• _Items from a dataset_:

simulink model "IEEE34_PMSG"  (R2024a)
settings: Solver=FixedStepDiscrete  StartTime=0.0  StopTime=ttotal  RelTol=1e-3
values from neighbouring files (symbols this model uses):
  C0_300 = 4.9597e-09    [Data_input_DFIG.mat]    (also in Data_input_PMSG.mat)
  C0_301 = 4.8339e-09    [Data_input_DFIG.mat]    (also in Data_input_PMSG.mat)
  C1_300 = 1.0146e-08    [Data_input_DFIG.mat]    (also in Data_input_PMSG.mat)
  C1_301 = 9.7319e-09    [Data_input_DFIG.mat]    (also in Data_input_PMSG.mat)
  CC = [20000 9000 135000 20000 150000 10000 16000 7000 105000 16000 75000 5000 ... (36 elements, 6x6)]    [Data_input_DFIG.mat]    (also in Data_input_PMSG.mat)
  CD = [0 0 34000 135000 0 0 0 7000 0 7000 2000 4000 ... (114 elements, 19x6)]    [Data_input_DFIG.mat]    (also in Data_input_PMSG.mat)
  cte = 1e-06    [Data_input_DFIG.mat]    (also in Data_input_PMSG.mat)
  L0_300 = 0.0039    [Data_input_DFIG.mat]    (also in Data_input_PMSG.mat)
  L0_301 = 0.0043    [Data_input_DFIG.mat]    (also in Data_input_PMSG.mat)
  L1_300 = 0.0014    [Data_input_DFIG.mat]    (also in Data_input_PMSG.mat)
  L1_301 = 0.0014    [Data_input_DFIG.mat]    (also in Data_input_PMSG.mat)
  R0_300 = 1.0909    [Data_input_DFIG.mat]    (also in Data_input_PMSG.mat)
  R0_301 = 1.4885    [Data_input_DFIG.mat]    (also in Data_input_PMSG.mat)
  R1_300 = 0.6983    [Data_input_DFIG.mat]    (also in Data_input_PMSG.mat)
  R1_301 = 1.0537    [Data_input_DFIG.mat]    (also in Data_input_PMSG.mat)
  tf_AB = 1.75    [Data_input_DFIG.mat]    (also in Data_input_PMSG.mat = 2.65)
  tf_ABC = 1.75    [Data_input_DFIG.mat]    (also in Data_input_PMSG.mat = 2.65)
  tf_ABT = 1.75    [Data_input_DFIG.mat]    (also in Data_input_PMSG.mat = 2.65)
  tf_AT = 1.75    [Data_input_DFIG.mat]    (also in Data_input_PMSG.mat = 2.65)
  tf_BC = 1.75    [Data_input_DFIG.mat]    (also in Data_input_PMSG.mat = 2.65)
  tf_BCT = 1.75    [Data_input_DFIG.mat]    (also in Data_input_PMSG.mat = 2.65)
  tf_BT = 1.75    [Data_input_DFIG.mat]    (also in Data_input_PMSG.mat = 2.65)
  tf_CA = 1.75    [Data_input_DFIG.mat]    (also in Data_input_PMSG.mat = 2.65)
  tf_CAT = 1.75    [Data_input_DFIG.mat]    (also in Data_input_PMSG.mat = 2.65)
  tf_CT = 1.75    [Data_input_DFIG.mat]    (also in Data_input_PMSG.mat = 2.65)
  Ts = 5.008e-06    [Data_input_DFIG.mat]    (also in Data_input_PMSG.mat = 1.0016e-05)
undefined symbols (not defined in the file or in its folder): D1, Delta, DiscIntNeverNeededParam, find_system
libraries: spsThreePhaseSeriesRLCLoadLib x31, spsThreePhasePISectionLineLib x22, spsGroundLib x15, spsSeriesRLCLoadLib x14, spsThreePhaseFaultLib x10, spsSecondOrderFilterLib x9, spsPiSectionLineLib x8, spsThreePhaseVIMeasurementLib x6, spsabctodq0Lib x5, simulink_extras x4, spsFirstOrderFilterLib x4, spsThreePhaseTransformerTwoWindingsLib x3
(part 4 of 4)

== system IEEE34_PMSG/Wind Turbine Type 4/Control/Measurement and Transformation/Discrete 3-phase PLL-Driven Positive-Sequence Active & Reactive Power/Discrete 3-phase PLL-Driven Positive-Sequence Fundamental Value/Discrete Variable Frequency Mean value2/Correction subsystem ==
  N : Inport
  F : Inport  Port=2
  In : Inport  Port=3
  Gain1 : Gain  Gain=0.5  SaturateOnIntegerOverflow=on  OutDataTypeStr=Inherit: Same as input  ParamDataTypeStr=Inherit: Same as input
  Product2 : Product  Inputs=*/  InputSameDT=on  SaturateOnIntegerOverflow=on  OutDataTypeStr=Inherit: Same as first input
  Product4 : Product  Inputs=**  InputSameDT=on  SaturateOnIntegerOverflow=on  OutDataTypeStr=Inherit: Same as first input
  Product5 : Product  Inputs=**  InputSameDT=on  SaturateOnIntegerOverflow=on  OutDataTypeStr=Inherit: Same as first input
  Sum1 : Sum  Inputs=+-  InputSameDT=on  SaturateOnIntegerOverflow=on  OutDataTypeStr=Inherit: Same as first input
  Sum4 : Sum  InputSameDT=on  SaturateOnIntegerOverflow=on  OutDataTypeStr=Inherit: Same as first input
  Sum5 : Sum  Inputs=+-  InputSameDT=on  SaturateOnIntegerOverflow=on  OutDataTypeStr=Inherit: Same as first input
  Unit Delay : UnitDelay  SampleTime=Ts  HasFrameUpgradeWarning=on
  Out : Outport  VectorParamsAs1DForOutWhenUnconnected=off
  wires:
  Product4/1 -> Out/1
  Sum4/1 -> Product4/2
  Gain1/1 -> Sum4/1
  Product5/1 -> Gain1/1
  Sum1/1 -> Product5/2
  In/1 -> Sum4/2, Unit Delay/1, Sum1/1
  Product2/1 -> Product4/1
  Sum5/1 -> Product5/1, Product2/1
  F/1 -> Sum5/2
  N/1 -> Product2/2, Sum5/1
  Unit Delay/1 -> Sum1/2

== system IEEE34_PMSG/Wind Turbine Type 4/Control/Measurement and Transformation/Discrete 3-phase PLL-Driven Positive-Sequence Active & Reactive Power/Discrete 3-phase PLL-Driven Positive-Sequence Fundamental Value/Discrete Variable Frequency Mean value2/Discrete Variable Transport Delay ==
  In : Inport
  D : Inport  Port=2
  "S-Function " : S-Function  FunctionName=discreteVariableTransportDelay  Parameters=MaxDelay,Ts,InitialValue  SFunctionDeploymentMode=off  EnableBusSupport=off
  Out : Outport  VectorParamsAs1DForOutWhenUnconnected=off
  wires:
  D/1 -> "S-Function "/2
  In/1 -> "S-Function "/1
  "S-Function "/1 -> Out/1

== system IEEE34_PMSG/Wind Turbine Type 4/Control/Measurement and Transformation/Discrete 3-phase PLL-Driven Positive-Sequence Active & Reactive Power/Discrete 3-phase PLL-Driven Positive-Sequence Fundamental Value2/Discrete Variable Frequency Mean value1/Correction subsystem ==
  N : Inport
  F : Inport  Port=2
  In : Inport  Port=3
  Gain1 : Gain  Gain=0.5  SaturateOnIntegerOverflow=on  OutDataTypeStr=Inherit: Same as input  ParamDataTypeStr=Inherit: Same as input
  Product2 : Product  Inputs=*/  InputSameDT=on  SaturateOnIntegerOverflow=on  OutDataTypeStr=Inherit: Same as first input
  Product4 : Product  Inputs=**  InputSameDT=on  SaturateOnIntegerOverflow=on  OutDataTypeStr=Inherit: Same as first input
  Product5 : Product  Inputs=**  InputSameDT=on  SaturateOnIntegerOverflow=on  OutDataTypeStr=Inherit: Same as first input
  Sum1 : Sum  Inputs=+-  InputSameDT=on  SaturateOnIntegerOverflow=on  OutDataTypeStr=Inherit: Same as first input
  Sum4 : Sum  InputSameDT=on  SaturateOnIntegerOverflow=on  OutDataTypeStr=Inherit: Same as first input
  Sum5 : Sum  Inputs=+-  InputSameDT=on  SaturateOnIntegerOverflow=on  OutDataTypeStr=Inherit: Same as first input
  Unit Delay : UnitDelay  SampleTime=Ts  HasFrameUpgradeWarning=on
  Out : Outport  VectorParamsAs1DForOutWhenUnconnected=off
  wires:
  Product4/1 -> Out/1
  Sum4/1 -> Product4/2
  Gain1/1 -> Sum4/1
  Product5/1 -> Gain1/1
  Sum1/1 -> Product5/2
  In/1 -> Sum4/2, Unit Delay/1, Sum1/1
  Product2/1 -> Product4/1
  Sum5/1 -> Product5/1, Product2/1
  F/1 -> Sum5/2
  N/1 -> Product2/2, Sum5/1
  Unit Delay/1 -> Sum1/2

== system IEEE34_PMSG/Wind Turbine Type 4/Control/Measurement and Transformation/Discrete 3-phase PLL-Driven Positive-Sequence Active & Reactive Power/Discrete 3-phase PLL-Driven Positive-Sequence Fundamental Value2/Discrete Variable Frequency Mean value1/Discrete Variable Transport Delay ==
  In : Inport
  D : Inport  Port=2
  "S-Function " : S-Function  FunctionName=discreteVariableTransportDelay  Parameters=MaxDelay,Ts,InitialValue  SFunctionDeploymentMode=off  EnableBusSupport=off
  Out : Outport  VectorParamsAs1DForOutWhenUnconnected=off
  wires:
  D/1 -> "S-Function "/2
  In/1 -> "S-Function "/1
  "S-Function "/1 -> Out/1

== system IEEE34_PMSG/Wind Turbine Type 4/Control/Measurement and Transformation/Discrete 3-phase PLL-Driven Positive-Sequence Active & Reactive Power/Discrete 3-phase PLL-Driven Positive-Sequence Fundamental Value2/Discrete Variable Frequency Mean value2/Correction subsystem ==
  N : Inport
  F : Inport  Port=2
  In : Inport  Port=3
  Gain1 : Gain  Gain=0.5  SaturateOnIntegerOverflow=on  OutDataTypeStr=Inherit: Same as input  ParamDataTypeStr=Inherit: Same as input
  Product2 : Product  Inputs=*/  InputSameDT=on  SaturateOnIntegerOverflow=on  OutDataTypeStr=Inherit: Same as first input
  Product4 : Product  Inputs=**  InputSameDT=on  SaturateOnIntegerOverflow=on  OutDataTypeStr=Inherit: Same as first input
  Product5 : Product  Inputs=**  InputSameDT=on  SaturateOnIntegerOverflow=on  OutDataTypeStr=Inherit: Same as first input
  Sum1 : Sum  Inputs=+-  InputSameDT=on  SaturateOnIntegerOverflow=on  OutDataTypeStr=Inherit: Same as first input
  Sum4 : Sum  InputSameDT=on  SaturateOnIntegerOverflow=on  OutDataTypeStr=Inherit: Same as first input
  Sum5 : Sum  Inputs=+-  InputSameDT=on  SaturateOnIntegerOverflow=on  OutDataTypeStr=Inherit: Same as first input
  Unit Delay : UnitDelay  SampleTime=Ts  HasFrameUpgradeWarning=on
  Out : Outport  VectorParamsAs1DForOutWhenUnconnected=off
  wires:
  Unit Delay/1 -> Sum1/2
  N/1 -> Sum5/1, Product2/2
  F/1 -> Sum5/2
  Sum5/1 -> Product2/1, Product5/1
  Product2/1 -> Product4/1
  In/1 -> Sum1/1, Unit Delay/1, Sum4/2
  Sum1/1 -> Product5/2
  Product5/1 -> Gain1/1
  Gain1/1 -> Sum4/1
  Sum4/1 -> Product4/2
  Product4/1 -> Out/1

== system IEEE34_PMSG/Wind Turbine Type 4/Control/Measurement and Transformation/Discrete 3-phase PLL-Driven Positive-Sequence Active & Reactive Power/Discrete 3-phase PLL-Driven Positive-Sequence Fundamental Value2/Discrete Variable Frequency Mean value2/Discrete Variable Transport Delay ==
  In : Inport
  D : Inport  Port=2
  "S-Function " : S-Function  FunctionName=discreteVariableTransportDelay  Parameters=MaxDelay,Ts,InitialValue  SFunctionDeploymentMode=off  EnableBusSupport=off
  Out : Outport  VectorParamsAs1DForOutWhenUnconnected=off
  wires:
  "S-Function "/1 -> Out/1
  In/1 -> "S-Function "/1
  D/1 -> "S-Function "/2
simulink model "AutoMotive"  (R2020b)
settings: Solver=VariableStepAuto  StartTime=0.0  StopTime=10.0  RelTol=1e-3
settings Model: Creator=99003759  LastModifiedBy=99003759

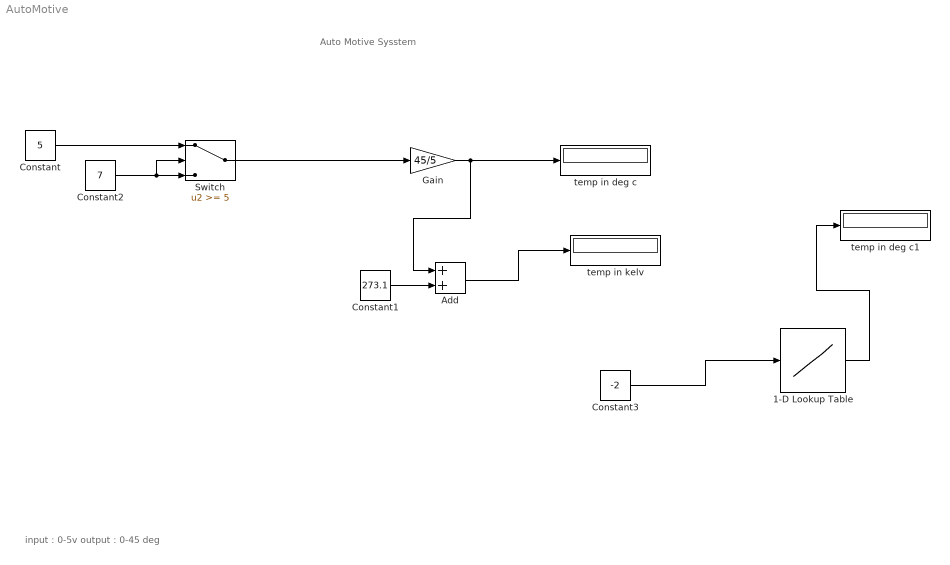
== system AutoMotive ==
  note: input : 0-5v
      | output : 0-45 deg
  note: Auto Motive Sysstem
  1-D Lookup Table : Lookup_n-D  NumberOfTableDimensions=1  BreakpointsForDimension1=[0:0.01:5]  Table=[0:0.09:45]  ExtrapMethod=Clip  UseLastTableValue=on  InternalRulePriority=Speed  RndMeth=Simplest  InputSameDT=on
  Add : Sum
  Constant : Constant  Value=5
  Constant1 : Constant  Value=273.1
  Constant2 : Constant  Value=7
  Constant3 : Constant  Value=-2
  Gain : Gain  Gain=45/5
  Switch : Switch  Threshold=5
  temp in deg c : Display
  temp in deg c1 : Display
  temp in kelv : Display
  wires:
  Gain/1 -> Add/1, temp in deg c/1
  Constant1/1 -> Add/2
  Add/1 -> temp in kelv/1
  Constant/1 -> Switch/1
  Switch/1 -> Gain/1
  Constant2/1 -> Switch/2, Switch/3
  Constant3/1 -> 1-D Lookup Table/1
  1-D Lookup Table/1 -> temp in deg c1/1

• _TASK GOAL_: Using the entries above, return each line that includes the word "AutoMotive".

• _REPLY TO THE EXERCISE_:
simulink model "AutoMotive"  (R2020b)
== system AutoMotive ==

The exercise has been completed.